Those Gates admit us to the sanctuary of man’s own nature, to the place whence his life-power comes, and where he is priest of the shrine of life. It needs but a strong hand to push them open, we are told. “The courage to enter them is the courage to search the recesses of one’s own nature without fear and without shame. In the fine part, the essence, the flavor of the man, is found the key which unlocks those great Gates.”
The necessity of killing out the sense of separateness is profoundly emphasized as one of the most important factors in this process. We must divest ourselves of the illusions of the material life. “When we desire to speak with those who have tried the Golden Gates and pushed them open, then it is very necessary—in fact it is essential—to discriminate, and not bring into our life the confusions of our sleep. If we do, we are reckoned as madmen, and fall back into the darkness where there is no friend but chaos. This chaos has followed every effort of man that is written in history; after civilization has flowered, the flower falls and dies, and winter and darkness destroy it.” In this last sentence is indicated the purpose of civilization. It is the blossoming of a race, with the purpose of producing a certain spiritual fruit; this fruit having ripened, then the degeneration of the great residuum begins, to be worked over and over again in the grand fermenting processes of reincarnation. Our great civilization is now flowering and in this fact we may read the reason for the extraordinary efforts to sow the seed of the Mystic Teachings wherever the mind of man may be ready to receive it.
In the “Mystery of Threshold,” we are told that “only a man who has the potentialities in him both of the voluptuary and the stoic has any chance of entering the Golden Gates. He must be capable of testing and valuing to its most delicate fraction every joy existence has to give; and he must be capable of denying himself all pleasure, and that without suffering from the denial.”

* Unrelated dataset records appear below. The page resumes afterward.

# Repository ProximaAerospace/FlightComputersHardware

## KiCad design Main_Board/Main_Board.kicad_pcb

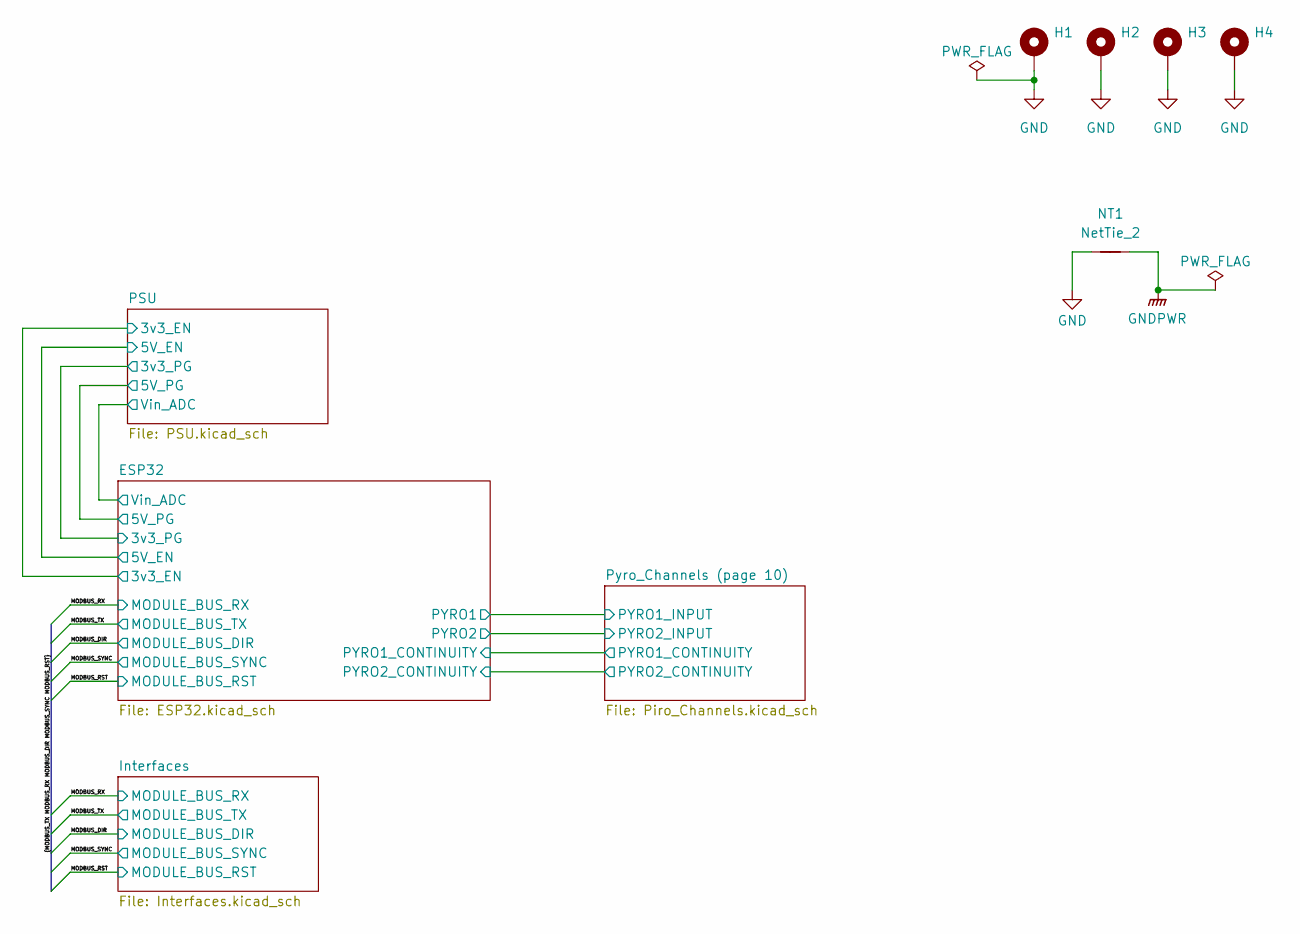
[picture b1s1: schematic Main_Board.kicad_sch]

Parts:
H1, H2: MountingHole_Pad; MountingHole_3.2mm_M3_DIN965_Pad_TopBottom
H3, H4: MountingHole_Pad; MountingHole_2.2mm_M2
NT1: NetTie_2; NetTie-2_SMD_Pad2.0mm

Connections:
GND: H1.1 (1_1), H2.1 (1_1), H3.1, H4.1, NT1.1; also elsewhere on the board
GNDPWR: NT1.2; also elsewhere on the board

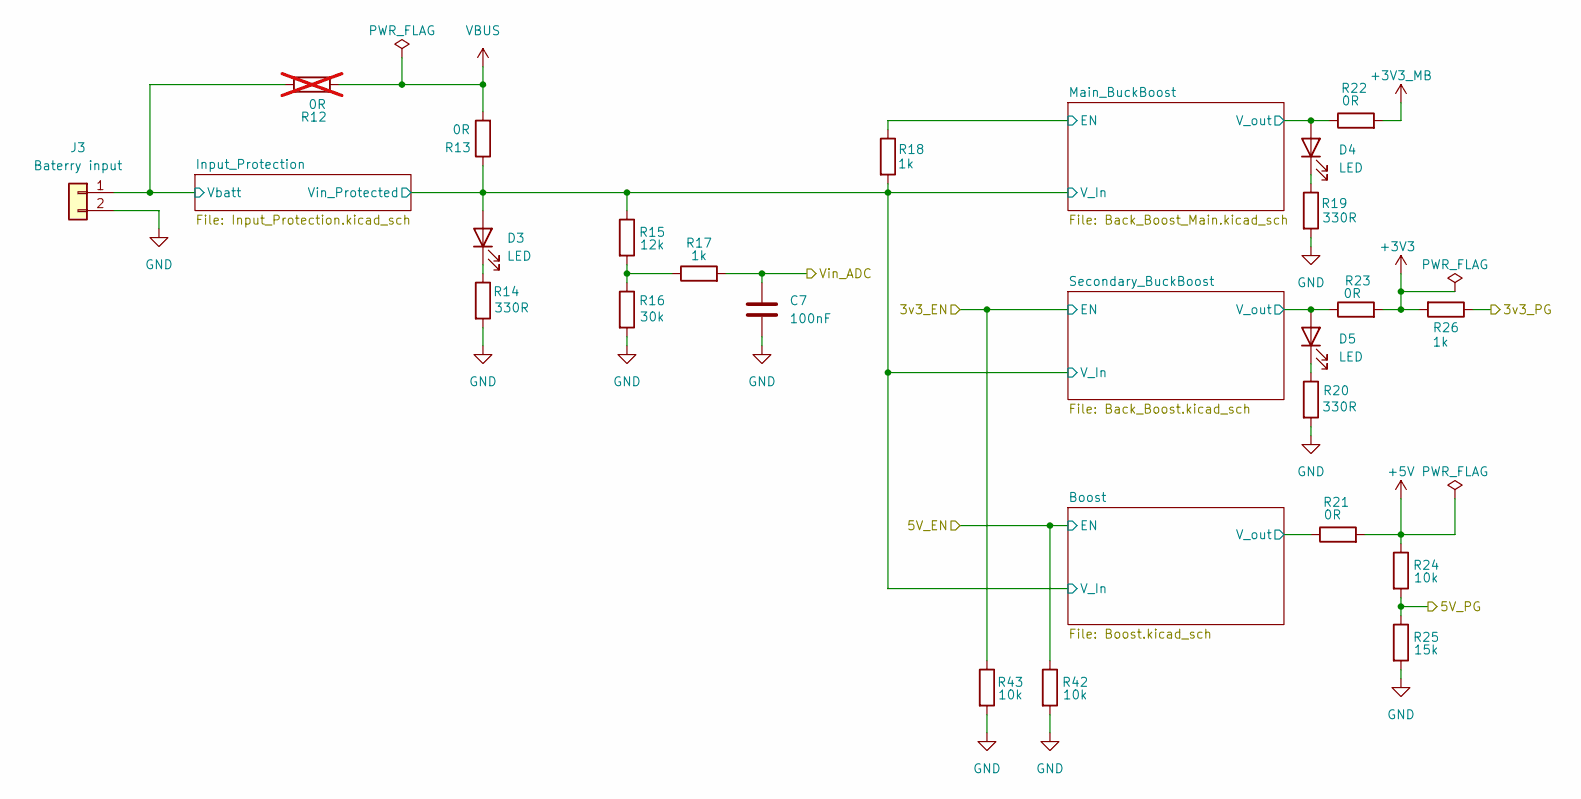
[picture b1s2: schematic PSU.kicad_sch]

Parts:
C7: 100nF; C_0603_1608Metric
D3, D4, D5: LED; D_0603_1608Metric
J3: Baterry input; JST_PH_B2B-PH-K_1x02_P2.00mm_Vertical
R12: 0R; R_0603_1608Metric; not fitted
R13: 0R; R_0805_2012Metric
R14, R19, R20: 330R; R_0603_1608Metric
R15: 12k; R_0603_1608Metric
R16: 30k; R_0603_1608Metric
R17, R18, R26: 1k; R_0603_1608Metric
R21, R22, R23: 0R; R_0603_1608Metric
R24, R42, R43: 10k; R_0603_1608Metric
R25: 15k; R_0603_1608Metric

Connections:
+3V3: R23.2, R26.2; also elsewhere on the board
+3V3_MB: R22.2; also elsewhere on the board
+5V: R21.2, R24.1; also elsewhere on the board
/ESP32/3v3_EN: R43.1; also elsewhere on the board
/ESP32/3v3_PG: R26.1; also elsewhere on the board
/ESP32/5V_EN: R42.1; also elsewhere on the board
/ESP32/5V_PG: R24.2, R25.1; also elsewhere on the board
/ESP32/Vin_ADC: C7.1, R17.2; also elsewhere on the board
/PSU/Boost/V_In: D3.2 (A), R13.1, R15.1, R18.2; also elsewhere on the board
/PSU/Boost/V_out: R21.1; also elsewhere on the board
/PSU/Input_Protection/Vbatt: J3.1, R12.2; also elsewhere on the board
/PSU/Main_BuckBoost/EN: R18.1; also elsewhere on the board
/PSU/Main_BuckBoost/V_out: D4.2 (A), R22.1; also elsewhere on the board
/PSU/Secondary_BuckBoost/V_out: D5.2 (A), R23.1; also elsewhere on the board
GND: C7.2, J3.2, R14.2, R16.2, R19.2, R20.2, R25.2, R42.2, R43.2; also elsewhere on the board
unnamed: D3.1 (K), R14.1
unnamed: D4.1 (K), R19.1
unnamed: D5.1 (K), R20.1
unnamed: R15.2, R16.1, R17.1
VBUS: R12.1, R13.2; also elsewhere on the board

The fact that the way is different for each individual is finely set forth in “The Initial Effort,” in the words that man “may burst the shell that holds him in darkness, tear the veil that hides him from the eternal, at any moment where it is easiest for him to do so; and most often this point will be where he least expects to find it.” By this we may see the uselessness of laying down arbitrary laws in the matter.
The meaning of those important words, “All steps are necessary to make up the ladder,” finds a wealth of illustration here. These sentences are particularly pregnant: “Spirit is not a gas created by matter, and we cannot create our future by forcibly using one material agent and leaving out the rest. Spirit is the great life on which matter rests, as does the rocky world on the free and fluid ether; whenever we can break our limitations we find ourselves on that marvellous shore where Wordsworth once saw the gleam of the gold.” Virtue, being of the material life, man has not the power to carry it with him, “yet the aroma of his good deeds is a far sweeter sacrifice than the odor of crime and cruelty.”